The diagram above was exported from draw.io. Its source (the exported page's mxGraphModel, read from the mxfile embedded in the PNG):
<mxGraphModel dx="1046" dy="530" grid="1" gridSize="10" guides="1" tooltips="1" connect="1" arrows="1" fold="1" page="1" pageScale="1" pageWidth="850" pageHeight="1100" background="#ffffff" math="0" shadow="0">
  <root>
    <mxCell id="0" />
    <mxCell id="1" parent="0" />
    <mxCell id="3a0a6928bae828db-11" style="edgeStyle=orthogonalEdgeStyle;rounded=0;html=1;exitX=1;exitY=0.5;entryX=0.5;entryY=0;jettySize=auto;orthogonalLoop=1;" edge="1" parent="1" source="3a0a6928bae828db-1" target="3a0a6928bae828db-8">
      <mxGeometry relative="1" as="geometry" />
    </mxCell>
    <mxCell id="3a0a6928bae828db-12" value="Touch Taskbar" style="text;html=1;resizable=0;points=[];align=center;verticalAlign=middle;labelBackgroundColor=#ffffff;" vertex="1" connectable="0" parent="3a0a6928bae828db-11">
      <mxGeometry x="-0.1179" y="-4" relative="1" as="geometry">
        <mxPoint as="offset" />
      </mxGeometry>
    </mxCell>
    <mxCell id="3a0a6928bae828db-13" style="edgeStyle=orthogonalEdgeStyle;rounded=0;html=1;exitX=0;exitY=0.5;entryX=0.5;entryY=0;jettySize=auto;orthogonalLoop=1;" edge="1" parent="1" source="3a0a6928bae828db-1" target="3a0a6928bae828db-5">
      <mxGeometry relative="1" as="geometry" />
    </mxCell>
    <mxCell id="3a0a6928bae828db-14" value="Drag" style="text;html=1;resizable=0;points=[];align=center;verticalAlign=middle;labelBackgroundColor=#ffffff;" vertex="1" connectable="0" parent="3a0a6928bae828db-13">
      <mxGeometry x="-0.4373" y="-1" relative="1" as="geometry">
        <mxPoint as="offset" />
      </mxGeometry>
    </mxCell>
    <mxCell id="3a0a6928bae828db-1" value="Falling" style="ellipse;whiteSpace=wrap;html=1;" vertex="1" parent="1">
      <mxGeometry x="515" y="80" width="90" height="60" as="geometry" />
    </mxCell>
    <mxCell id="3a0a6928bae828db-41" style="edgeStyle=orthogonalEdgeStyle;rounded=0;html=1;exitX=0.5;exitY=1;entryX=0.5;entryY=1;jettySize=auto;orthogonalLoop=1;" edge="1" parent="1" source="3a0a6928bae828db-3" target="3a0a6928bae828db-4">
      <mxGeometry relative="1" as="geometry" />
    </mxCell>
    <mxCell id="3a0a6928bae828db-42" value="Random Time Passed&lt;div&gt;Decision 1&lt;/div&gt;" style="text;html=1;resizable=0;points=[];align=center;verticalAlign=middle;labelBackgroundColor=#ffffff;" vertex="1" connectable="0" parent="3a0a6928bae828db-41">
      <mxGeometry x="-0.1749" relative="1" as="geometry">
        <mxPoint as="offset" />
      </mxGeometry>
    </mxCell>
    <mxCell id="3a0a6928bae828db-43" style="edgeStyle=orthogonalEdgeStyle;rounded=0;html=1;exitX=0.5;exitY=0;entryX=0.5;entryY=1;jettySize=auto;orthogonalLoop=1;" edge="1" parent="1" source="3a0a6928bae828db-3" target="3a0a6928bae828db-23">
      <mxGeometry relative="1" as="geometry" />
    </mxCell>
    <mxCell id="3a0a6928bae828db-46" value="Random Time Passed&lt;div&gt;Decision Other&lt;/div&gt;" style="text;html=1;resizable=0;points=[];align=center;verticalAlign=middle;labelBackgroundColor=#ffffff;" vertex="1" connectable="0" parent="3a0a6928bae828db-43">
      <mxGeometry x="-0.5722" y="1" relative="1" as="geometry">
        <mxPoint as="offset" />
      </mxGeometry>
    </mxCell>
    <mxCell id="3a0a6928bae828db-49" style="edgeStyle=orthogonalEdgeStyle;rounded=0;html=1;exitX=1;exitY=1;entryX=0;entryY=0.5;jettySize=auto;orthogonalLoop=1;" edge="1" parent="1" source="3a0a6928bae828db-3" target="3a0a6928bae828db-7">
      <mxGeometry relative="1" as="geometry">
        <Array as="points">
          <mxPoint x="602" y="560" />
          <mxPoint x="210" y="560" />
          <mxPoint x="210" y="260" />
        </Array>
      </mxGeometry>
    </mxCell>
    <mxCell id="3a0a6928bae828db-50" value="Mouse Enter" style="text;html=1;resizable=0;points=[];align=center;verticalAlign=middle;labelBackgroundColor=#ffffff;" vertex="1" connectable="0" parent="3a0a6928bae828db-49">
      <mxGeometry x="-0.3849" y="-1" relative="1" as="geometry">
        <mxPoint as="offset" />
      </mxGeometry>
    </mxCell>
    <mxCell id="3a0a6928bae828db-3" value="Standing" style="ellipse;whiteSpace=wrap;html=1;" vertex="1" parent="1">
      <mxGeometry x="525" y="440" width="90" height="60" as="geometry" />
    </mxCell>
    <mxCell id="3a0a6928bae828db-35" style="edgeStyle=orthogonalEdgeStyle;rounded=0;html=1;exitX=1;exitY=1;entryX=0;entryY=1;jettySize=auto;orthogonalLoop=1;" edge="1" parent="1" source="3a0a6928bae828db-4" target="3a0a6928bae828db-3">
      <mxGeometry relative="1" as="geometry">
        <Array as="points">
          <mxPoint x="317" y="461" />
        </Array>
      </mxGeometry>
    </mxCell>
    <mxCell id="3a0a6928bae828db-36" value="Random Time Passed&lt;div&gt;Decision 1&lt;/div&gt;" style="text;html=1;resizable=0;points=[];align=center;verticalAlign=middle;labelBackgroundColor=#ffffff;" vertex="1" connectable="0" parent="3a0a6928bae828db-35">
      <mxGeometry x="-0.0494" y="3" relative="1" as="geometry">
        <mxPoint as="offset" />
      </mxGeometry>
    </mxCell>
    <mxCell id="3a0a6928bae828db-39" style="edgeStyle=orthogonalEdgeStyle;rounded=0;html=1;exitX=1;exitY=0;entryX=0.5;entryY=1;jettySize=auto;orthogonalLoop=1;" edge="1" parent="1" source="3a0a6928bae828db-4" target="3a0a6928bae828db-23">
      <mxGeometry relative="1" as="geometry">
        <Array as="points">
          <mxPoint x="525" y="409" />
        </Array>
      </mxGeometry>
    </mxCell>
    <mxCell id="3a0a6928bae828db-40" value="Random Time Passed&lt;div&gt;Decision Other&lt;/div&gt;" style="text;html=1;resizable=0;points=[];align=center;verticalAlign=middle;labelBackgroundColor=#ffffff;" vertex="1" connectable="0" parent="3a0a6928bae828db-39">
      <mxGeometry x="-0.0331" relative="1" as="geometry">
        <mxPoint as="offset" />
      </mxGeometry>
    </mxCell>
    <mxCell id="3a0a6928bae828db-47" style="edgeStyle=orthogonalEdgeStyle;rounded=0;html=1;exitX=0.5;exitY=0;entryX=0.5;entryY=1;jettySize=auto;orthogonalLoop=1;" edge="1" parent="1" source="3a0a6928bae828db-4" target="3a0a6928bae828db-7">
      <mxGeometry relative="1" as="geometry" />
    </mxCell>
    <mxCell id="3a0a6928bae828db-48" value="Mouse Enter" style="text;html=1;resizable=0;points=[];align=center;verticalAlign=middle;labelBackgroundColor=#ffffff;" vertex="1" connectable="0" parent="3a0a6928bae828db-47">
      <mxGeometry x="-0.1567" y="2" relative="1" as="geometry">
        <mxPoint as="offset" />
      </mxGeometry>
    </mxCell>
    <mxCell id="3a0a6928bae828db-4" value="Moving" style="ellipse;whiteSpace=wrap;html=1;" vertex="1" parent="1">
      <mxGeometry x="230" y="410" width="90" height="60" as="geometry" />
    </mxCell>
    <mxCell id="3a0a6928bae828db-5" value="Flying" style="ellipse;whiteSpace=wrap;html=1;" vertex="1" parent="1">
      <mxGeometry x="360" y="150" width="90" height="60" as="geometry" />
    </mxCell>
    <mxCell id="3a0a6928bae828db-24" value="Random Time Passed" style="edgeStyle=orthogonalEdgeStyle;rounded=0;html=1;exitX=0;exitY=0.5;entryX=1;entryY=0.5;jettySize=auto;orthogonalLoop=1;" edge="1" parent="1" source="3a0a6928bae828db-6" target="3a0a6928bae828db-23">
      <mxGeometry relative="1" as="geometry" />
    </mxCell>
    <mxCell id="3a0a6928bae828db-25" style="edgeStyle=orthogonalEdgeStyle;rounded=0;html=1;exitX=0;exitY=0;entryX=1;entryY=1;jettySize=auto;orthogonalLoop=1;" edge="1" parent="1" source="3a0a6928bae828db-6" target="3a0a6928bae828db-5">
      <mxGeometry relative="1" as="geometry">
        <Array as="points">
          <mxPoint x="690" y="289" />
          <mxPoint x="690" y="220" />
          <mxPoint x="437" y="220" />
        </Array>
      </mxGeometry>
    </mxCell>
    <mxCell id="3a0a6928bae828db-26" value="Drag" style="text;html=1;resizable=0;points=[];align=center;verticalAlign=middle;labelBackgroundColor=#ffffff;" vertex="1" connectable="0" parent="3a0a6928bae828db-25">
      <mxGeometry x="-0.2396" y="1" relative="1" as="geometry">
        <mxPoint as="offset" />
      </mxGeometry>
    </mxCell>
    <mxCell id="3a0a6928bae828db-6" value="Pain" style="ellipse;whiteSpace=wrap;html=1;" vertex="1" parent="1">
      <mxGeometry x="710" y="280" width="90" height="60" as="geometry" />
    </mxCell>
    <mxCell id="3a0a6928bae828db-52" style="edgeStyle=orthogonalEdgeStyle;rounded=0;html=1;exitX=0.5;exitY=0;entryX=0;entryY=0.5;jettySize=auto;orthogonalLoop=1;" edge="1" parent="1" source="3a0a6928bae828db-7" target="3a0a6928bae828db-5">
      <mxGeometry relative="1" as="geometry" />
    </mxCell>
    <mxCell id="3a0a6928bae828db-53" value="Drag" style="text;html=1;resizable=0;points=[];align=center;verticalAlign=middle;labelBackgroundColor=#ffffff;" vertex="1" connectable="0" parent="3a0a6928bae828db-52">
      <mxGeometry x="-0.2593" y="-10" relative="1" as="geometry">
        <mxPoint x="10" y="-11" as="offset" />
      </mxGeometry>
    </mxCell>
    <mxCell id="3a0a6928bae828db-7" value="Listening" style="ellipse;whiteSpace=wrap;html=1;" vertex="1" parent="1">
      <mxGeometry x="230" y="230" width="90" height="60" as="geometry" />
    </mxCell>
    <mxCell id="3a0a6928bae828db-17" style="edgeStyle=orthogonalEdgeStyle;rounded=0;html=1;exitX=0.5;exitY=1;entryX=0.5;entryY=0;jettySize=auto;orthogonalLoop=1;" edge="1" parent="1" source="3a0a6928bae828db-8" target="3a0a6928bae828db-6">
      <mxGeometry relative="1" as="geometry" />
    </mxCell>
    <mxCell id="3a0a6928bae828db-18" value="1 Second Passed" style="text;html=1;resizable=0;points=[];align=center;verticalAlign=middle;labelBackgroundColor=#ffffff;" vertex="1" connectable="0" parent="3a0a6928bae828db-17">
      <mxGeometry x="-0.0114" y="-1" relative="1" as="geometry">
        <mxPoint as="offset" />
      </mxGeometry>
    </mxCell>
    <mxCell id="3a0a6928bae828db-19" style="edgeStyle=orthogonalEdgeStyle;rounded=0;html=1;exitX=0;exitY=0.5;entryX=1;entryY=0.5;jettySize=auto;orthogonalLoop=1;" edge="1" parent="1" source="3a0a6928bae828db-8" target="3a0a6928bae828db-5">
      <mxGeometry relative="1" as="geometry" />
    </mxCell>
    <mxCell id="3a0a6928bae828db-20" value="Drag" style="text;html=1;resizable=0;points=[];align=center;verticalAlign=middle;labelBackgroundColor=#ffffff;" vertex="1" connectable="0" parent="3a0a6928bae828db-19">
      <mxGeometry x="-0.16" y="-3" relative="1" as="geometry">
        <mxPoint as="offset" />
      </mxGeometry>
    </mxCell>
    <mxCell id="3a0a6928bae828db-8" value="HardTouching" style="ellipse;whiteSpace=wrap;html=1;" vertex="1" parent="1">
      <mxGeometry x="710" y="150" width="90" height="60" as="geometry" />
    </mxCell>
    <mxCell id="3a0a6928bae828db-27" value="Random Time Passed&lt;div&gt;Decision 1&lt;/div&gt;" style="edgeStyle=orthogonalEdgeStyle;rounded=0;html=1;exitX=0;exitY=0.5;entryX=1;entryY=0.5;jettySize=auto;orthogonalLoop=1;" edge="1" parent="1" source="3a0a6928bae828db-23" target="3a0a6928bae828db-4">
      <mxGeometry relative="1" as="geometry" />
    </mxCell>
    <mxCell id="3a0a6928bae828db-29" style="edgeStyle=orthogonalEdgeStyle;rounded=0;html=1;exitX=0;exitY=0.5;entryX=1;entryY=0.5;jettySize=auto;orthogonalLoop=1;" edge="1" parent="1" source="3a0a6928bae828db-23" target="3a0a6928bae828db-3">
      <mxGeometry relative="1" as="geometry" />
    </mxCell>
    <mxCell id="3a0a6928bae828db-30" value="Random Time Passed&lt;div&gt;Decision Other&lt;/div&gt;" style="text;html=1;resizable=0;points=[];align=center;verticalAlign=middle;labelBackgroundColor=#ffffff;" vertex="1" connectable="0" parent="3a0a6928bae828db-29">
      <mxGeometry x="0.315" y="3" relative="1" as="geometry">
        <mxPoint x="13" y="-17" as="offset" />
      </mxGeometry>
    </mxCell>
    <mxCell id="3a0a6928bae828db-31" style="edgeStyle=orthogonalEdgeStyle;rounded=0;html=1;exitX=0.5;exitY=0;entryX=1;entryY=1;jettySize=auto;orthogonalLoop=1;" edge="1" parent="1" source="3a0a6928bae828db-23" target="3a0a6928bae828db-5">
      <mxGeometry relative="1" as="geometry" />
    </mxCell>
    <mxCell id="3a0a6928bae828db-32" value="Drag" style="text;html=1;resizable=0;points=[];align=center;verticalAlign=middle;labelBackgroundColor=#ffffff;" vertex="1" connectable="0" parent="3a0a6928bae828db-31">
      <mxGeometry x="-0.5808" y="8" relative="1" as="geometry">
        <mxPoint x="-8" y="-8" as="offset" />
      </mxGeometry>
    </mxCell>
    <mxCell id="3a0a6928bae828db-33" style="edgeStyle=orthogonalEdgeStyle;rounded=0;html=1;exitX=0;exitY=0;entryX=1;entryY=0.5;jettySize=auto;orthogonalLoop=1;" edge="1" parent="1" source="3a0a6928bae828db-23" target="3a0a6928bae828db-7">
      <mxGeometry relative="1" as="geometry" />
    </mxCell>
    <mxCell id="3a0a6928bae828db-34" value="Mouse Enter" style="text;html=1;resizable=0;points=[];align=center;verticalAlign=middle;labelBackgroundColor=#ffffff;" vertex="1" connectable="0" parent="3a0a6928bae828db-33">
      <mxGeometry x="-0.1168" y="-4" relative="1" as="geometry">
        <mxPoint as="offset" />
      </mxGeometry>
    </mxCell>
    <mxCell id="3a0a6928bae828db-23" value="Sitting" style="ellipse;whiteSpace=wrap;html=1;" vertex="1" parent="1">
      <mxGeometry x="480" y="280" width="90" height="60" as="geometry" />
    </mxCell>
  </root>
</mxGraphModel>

====

§ What the task requires
Search the data above for the word "wrap". Copy each line it is in.

§ Output
    <mxCell id="3a0a6928bae828db-1" value="Falling" style="ellipse;whiteSpace=wrap;html=1;" vertex="1" parent="1">
    <mxCell id="3a0a6928bae828db-3" value="Standing" style="ellipse;whiteSpace=wrap;html=1;" vertex="1" parent="1">
    <mxCell id="3a0a6928bae828db-4" value="Moving" style="ellipse;whiteSpace=wrap;html=1;" vertex="1" parent="1">
    <mxCell id="3a0a6928bae828db-5" value="Flying" style="ellipse;whiteSpace=wrap;html=1;" vertex="1" parent="1">
    <mxCell id="3a0a6928bae828db-6" value="Pain" style="ellipse;whiteSpace=wrap;html=1;" vertex="1" parent="1">
    <mxCell id="3a0a6928bae828db-7" value="Listening" style="ellipse;whiteSpace=wrap;html=1;" vertex="1" parent="1">
    <mxCell id="3a0a6928bae828db-8" value="HardTouching" style="ellipse;whiteSpace=wrap;html=1;" vertex="1" parent="1">
    <mxCell id="3a0a6928bae828db-23" value="Sitting" style="ellipse;whiteSpace=wrap;html=1;" vertex="1" parent="1">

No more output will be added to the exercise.